Records from a data source

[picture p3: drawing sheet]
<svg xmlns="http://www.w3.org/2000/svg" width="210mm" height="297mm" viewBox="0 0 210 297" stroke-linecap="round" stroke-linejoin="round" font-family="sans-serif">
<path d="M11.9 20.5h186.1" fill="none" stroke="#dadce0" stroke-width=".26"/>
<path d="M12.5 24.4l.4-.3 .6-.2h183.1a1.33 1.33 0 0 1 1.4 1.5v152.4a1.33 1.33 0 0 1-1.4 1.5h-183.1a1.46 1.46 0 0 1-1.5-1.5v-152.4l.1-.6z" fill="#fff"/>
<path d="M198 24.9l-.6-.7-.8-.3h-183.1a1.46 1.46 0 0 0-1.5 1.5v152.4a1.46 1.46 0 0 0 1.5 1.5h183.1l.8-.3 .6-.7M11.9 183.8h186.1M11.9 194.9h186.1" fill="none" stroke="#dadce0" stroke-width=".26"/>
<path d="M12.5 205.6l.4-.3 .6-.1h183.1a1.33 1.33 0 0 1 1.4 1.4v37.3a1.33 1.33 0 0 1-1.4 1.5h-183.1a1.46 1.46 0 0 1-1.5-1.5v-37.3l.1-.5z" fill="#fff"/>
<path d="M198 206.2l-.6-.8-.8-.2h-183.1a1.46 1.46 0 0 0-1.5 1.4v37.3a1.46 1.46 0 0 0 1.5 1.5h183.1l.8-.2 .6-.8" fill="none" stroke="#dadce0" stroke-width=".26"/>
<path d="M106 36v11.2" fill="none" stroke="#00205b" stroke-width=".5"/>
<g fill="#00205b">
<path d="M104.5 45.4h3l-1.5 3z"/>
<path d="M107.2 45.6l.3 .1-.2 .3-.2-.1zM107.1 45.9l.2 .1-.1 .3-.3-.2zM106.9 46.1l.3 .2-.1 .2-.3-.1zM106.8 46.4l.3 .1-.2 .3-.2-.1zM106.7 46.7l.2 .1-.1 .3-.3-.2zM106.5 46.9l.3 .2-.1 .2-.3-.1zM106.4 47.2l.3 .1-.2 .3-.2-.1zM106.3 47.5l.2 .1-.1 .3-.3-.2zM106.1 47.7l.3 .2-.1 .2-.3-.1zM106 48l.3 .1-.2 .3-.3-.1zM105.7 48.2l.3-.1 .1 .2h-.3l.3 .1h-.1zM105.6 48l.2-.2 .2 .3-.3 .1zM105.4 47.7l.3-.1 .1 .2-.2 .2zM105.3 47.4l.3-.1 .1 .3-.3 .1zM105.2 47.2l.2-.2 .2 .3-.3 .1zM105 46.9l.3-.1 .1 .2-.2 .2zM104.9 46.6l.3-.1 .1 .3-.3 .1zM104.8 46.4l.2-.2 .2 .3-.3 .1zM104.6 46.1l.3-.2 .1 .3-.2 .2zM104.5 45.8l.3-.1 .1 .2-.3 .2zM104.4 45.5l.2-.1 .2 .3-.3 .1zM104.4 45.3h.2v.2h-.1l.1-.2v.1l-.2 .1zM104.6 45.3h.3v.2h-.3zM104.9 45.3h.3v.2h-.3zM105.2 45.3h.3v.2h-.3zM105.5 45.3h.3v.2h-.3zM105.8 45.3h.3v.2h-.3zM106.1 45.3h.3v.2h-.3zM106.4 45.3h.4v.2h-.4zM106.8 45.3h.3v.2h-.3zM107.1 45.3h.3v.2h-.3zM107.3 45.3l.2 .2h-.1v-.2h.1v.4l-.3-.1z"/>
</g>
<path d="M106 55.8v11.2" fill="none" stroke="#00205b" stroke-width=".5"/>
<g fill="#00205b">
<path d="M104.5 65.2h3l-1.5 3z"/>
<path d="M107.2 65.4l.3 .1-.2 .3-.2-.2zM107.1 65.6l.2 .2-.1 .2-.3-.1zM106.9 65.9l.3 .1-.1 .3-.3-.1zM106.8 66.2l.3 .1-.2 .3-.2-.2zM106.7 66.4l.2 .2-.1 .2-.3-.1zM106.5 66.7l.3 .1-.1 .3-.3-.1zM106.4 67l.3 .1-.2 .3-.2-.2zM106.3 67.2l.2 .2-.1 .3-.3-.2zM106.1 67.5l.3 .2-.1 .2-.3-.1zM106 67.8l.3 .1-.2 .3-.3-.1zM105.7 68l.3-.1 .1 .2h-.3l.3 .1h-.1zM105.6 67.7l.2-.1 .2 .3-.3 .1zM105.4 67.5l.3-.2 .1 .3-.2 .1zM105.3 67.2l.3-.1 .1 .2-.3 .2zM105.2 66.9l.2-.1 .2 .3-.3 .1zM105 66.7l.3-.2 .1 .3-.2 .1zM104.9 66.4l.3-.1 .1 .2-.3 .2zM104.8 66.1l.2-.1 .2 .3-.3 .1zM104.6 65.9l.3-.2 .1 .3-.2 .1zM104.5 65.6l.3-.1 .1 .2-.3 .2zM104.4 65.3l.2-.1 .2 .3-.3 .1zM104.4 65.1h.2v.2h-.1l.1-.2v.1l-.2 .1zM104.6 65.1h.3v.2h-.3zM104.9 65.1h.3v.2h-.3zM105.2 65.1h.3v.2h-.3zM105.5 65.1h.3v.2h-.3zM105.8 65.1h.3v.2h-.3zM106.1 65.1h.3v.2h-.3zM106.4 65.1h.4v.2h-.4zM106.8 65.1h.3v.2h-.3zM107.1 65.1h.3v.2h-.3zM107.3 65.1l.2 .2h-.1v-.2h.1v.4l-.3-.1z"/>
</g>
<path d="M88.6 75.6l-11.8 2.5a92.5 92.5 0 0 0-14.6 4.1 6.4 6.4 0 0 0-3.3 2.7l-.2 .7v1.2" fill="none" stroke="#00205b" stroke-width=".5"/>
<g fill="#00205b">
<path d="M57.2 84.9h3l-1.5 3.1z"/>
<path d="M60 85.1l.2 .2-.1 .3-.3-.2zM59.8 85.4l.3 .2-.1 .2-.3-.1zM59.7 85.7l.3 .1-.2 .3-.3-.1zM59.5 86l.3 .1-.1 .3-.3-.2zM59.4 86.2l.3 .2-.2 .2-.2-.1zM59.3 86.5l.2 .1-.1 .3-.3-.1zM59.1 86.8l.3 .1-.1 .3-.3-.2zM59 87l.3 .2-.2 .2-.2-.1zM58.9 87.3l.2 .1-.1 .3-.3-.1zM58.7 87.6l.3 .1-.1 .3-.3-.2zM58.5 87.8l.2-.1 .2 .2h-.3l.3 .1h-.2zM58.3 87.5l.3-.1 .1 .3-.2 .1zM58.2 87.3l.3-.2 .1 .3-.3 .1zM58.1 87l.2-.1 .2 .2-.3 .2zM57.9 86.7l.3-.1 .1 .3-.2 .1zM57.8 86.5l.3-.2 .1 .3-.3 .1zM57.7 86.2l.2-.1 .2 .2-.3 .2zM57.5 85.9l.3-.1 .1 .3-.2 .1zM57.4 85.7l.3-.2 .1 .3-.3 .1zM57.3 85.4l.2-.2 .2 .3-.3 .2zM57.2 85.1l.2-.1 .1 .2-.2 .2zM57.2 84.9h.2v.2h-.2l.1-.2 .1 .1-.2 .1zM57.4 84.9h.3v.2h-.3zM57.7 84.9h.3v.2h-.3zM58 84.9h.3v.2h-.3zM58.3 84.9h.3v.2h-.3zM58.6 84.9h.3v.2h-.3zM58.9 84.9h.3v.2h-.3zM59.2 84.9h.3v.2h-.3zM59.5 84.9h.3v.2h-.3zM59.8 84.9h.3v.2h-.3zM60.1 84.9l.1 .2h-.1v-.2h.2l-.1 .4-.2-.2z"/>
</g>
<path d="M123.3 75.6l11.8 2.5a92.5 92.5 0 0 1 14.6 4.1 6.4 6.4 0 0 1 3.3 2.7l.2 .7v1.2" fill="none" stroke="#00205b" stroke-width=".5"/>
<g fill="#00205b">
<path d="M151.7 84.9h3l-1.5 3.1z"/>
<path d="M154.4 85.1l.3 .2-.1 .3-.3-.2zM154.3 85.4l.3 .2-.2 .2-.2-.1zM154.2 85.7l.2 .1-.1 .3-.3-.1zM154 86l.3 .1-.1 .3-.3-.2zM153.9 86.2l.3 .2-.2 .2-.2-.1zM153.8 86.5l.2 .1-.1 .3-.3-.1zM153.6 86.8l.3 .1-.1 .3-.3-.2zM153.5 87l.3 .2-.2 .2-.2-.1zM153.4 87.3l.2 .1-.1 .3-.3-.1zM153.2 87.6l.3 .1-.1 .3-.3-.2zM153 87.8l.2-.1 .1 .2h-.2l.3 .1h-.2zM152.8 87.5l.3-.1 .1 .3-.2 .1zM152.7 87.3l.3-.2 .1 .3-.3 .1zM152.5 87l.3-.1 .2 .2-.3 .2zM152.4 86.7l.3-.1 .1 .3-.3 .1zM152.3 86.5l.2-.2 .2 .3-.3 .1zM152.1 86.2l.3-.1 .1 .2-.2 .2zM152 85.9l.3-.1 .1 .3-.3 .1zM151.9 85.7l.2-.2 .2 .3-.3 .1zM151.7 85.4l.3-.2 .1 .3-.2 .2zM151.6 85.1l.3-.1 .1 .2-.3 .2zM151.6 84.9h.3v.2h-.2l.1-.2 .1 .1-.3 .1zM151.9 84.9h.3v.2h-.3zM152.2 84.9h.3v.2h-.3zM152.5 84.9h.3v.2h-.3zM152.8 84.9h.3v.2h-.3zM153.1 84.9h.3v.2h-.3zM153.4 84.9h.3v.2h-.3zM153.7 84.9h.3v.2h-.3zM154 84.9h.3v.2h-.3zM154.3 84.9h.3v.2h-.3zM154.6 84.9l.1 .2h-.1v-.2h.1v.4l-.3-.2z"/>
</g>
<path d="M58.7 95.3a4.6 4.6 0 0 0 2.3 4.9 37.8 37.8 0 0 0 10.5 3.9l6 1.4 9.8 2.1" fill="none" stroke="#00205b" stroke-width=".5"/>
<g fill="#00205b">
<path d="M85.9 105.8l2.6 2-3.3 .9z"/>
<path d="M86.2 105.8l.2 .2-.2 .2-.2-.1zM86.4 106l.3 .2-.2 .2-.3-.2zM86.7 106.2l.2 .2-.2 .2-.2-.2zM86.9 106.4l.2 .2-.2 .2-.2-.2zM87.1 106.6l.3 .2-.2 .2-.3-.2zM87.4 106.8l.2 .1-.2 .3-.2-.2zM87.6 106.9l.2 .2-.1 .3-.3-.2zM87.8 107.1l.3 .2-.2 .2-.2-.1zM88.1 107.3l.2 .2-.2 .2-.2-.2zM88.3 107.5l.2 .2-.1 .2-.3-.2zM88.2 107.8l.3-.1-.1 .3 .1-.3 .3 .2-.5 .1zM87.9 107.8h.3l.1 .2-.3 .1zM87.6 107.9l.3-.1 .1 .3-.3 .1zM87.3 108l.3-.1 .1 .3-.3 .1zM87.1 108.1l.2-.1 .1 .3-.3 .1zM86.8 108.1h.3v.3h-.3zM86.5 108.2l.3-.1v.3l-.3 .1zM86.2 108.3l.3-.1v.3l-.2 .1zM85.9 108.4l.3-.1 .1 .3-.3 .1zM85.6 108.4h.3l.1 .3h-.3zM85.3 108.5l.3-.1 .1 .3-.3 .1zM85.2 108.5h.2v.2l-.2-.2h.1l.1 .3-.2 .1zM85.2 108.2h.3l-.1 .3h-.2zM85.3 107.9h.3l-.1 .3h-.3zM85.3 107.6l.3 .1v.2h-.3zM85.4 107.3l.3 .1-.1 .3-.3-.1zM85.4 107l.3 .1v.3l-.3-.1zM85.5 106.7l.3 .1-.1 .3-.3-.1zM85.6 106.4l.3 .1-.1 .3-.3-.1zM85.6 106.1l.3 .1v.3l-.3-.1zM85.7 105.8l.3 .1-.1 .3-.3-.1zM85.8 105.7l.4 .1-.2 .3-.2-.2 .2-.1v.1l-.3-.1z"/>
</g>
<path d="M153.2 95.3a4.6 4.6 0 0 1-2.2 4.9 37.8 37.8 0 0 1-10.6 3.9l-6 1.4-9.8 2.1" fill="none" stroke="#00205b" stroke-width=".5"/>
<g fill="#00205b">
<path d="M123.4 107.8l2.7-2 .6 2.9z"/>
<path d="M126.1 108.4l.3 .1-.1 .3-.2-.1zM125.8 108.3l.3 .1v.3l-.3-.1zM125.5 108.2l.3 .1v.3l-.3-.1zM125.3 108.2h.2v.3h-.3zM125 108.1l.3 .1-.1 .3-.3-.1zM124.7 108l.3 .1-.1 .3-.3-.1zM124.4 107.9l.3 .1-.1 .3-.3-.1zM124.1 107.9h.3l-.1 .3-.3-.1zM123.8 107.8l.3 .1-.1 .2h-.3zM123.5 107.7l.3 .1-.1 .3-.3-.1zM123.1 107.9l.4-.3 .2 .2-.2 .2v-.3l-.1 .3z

**Description of the task**
Copy every line of the records above, starting with the first, up to and including the line containing "24.9l-.6-.7-.8-.3h-183.1a1.46 1.46 0".

**Exercise output**
[picture p3: drawing sheet]
<svg xmlns="http://www.w3.org/2000/svg" width="210mm" height="297mm" viewBox="0 0 210 297" stroke-linecap="round" stroke-linejoin="round" font-family="sans-serif">
<path d="M11.9 20.5h186.1" fill="none" stroke="#dadce0" stroke-width=".26"/>
<path d="M12.5 24.4l.4-.3 .6-.2h183.1a1.33 1.33 0 0 1 1.4 1.5v152.4a1.33 1.33 0 0 1-1.4 1.5h-183.1a1.46 1.46 0 0 1-1.5-1.5v-152.4l.1-.6z" fill="#fff"/>
<path d="M198 24.9l-.6-.7-.8-.3h-183.1a1.46 1.46 0 0 0-1.5 1.5v152.4a1.46 1.46 0 0 0 1.5 1.5h183.1l.8-.3 .6-.7M11.9 183.8h186.1M11.9 194.9h186.1" fill="none" stroke="#dadce0" stroke-width=".26"/>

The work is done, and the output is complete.